I have over 1000 bucks just in parts in this hitch(my cost).. Now the labor of welding it all together and assembling and marketing, what is that worth? Every single person has said it needs priced in the 3k range, or forget it. So yea prolly will retail in the 3k range, maybe 2k for outbackers, but that is still undeceided. It is better than a H/A.

Not pickin on ya Scott, but its just amazing how expensive these trucks are getting.. They are approaching the cost of much bigger trucks, just a couple years ago. My 2001 Kenworth Day Cab T800 cost 69k when we bought it. But yes the same truck is 90k now. But 90k for a semi tractor is still decent. Semis run a million miles or more before an overhaul is needed. 50-60k for a pickup boggles me. 
I went to my local Ford dealer the other day and every one of there 2008's has a sticker of 50k and up.. One F450 was 63k.. It made me drop my jaw.. I just dont see it..

It too bad that we have to own such big, expensive trucks to be able to tow safely. It makes camping an unrealistic thing for many, many people.. We live in America, and there is nothing more american than a family going camping with kids ages of say 5-10.. What memories are made at those ages.
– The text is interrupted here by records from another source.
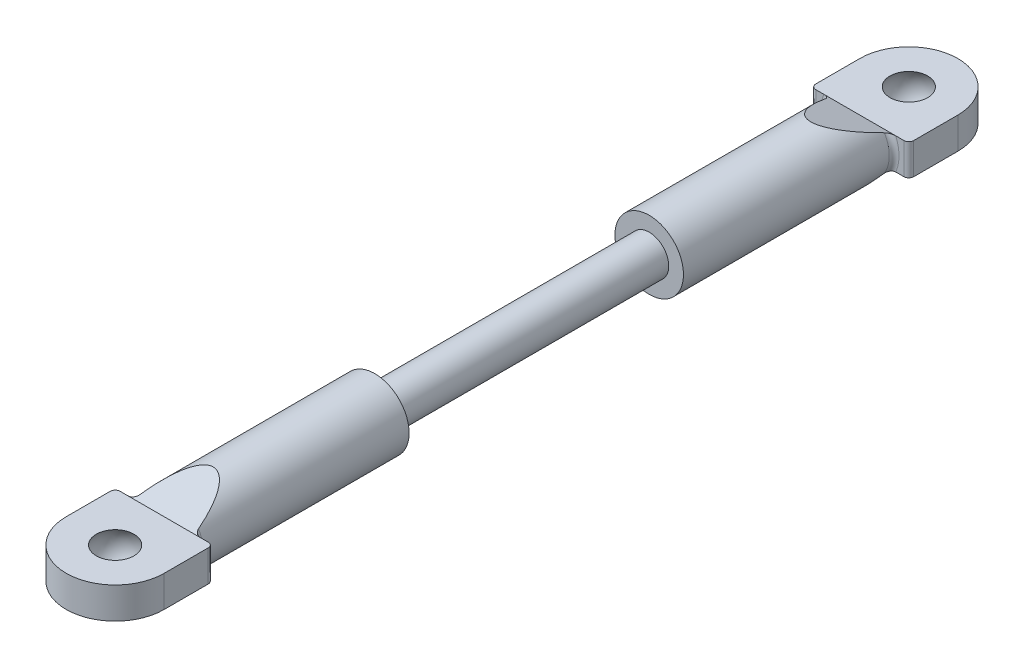
ISO-10303-21;
HEADER;
FILE_DESCRIPTION(('STEP AP214'),'2;1');
FILE_NAME('part.step','',(''),(''),'','','');
FILE_SCHEMA(('AUTOMOTIVE_DESIGN { 1 0 10303 214 1 1 1 1 }'));
ENDSEC;
DATA;
#1=APPLICATION_CONTEXT('core data for automotive mechanical design processes');
#2=APPLICATION_PROTOCOL_DEFINITION('international standard','automotive_design',2000,#1);
#3=PRODUCT_CONTEXT('',#1,'mechanical');
#4=PRODUCT('Part','Part','',(#3));
#5=PRODUCT_RELATED_PRODUCT_CATEGORY('part','',(#4));
#6=PRODUCT_DEFINITION_FORMATION('','',#4);
#7=PRODUCT_DEFINITION_CONTEXT('part definition',#1,'design');
#8=PRODUCT_DEFINITION('design','',#6,#7);
#9=PRODUCT_DEFINITION_SHAPE('','',#8);
#10=(LENGTH_UNIT() NAMED_UNIT(*) SI_UNIT(.MILLI.,.METRE.));
#11=(NAMED_UNIT(*) PLANE_ANGLE_UNIT() SI_UNIT($,.RADIAN.));
#12=(NAMED_UNIT(*) SI_UNIT($,.STERADIAN.) SOLID_ANGLE_UNIT());
#13=UNCERTAINTY_MEASURE_WITH_UNIT(LENGTH_MEASURE(1.E-05),#10,'distance_accuracy_value','');
#14=(GEOMETRIC_REPRESENTATION_CONTEXT(3) GLOBAL_UNCERTAINTY_ASSIGNED_CONTEXT((#13)) GLOBAL_UNIT_ASSIGNED_CONTEXT((#10,
#11,#12)) REPRESENTATION_CONTEXT('',''));
#15=CARTESIAN_POINT('',(0.,0.,0.));
#16=DIRECTION('',(0.,0.,1.));
#17=DIRECTION('',(1.,0.,0.));
#18=AXIS2_PLACEMENT_3D('',#15,#16,#17);
#19=CARTESIAN_POINT('',(0.,0.,-35.5));
#20=DIRECTION('',(0.,0.,1.));
#21=DIRECTION('',(1.,0.,0.));
#22=AXIS2_PLACEMENT_3D('',#19,#20,#21);
#23=CYLINDRICAL_SURFACE('',#22,3.5);
#24=CARTESIAN_POINT('',(0.,0.,-14.));
#25=DIRECTION('',(0.,0.,1.));
#26=DIRECTION('',(1.,0.,0.));
#27=AXIS2_PLACEMENT_3D('',#24,#25,#26);
#28=CIRCLE('',#27,3.5);
#29=CARTESIAN_POINT('',(3.5,0.,-14.));
#30=VERTEX_POINT('',#29);
#31=EDGE_CURVE('E184',#30,#30,#28,.T.);
#32=ORIENTED_EDGE('',*,*,#31,.F.);
#33=EDGE_LOOP('',(#32));
#34=FACE_BOUND('',#33,.T.);
#35=CARTESIAN_POINT('',(0.,0.,-39.7105263157895));
#36=DIRECTION('',(0.,0.934783580588349,-0.355217760623573));
#37=DIRECTION('',(0.,0.355217760623573,0.934783580588349));
#38=AXIS2_PLACEMENT_3D('',#35,#36,#37);
#39=ELLIPSE('',#38,9.8531109307594,3.5);
#40=CARTESIAN_POINT('',(3.00764027104307,1.79,-35.));
#41=VERTEX_POINT('',#40);
#42=CARTESIAN_POINT('',(-3.00764027104307,1.79,-35.));
#43=VERTEX_POINT('',#42);
#44=EDGE_CURVE('E517',#41,#43,#39,.F.);
#45=ORIENTED_EDGE('',*,*,#44,.T.);
#46=CARTESIAN_POINT('',(0.,0.,-35.));
#47=DIRECTION('',(0.,0.,1.));
#48=DIRECTION('',(1.,0.,0.));
#49=AXIS2_PLACEMENT_3D('',#46,#47,#48);
#50=CIRCLE('',#49,3.5);
#51=CARTESIAN_POINT('',(-3.00764027104307,-1.79,-35.));
#52=VERTEX_POINT('',#51);
#53=EDGE_CURVE('E369',#43,#52,#50,.T.);
#54=ORIENTED_EDGE('',*,*,#53,.T.);
#55=CARTESIAN_POINT('',(0.,0.,-39.7105263157895));
#56=DIRECTION('',(0.,-0.934783580588349,-0.355217760623573));
#57=DIRECTION('',(0.,-0.355217760623573,0.934783580588349));
#58=AXIS2_PLACEMENT_3D('',#55,#56,#57);
#59=ELLIPSE('',#58,9.8531109307594,3.5);
#60=CARTESIAN_POINT('',(3.00764027104307,-1.79,-35.));
#61=VERTEX_POINT('',#60);
#62=EDGE_CURVE('E208',#52,#61,#59,.F.);
#63=ORIENTED_EDGE('',*,*,#62,.T.);
#64=CARTESIAN_POINT('',(0.,0.,-35.));
#65=DIRECTION('',(0.,0.,1.));
#66=DIRECTION('',(1.,0.,0.));
#67=AXIS2_PLACEMENT_3D('',#64,#65,#66);
#68=CIRCLE('',#67,3.5);
#69=EDGE_CURVE('E366',#61,#41,#68,.T.);
#70=ORIENTED_EDGE('',*,*,#69,.T.);
#71=EDGE_LOOP('',(#45,#54,#63,#70));
#72=FACE_BOUND('',#71,.T.);
#73=ADVANCED_FACE('F34',(#34,#72),#23,.T.);
#74=CARTESIAN_POINT('',(0.,0.,14.));
#75=DIRECTION('',(0.,0.,-1.));
#76=DIRECTION('',(-1.,0.,0.));
#77=AXIS2_PLACEMENT_3D('',#74,#75,#76);
#78=CYLINDRICAL_SURFACE('',#77,2.);
#79=CARTESIAN_POINT('',(0.,0.,14.));
#80=DIRECTION('',(0.,0.,1.));
#81=DIRECTION('',(1.,0.,0.));
#82=AXIS2_PLACEMENT_3D('',#79,#80,#81);
#83=CIRCLE('',#82,2.);
#84=CARTESIAN_POINT('',(2.,0.,14.));
#85=VERTEX_POINT('',#84);
#86=EDGE_CURVE('E267',#85,#85,#83,.T.);
#87=ORIENTED_EDGE('',*,*,#86,.F.);
#88=EDGE_LOOP('',(#87));
#89=FACE_BOUND('',#88,.T.);
#90=CARTESIAN_POINT('',(0.,0.,-14.));
#91=DIRECTION('',(0.,0.,-1.));
#92=DIRECTION('',(-1.,0.,0.));
#93=AXIS2_PLACEMENT_3D('',#90,#91,#92);
#94=CIRCLE('',#93,2.);
#95=CARTESIAN_POINT('',(-2.,0.,-14.));
#96=VERTEX_POINT('',#95);
#97=EDGE_CURVE('E219',#96,#96,#94,.T.);
#98=ORIENTED_EDGE('',*,*,#97,.F.);
#99=EDGE_LOOP('',(#98));
#100=FACE_BOUND('',#99,.T.);
#101=ADVANCED_FACE('F429',(#89,#100),#78,.T.);
#102=CARTESIAN_POINT('',(0.,0.,35.5));
#103=DIRECTION('',(0.,0.,-1.));
#104=DIRECTION('',(-1.,0.,0.));
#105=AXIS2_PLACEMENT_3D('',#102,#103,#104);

Its getting to be that our kids need to be almost grown and gone before we can afford to take them camping, then the whole point is missed.

We are using w/d hitches with technology out of the 50's and 60's. Our trailers and many pickups/vehicles are using leaf springs that derived from the horse and buggy days. With speed limits at 70 or above in most states and the overloaded freeways we have now, towing will never be safe with this old technology. Something has to be done to change this.. I dont like the fact that we are forced to own vehicles that cost upwards of 50k or more to be able to tow a 25 or bigger camper.. This leaves many camper wanting people out of the fun.. So my cheap lil 2k hitch will enable a person to tow a large camper and be extremly safe while doing it, regaurdless of what they own. This hitch has the capability to allow a Tahoe to tow safer than a 3/4 ton without this hitch. Its that good.

It bothers me that we live in this country and the average joe cant take his family camping safely without a huge 3/4 to do so. But because of our old technolgy, both in auto suspensions and trailer weight dist hitches, a person cant feel safe unless they own a real big truck these days.. Its just not right!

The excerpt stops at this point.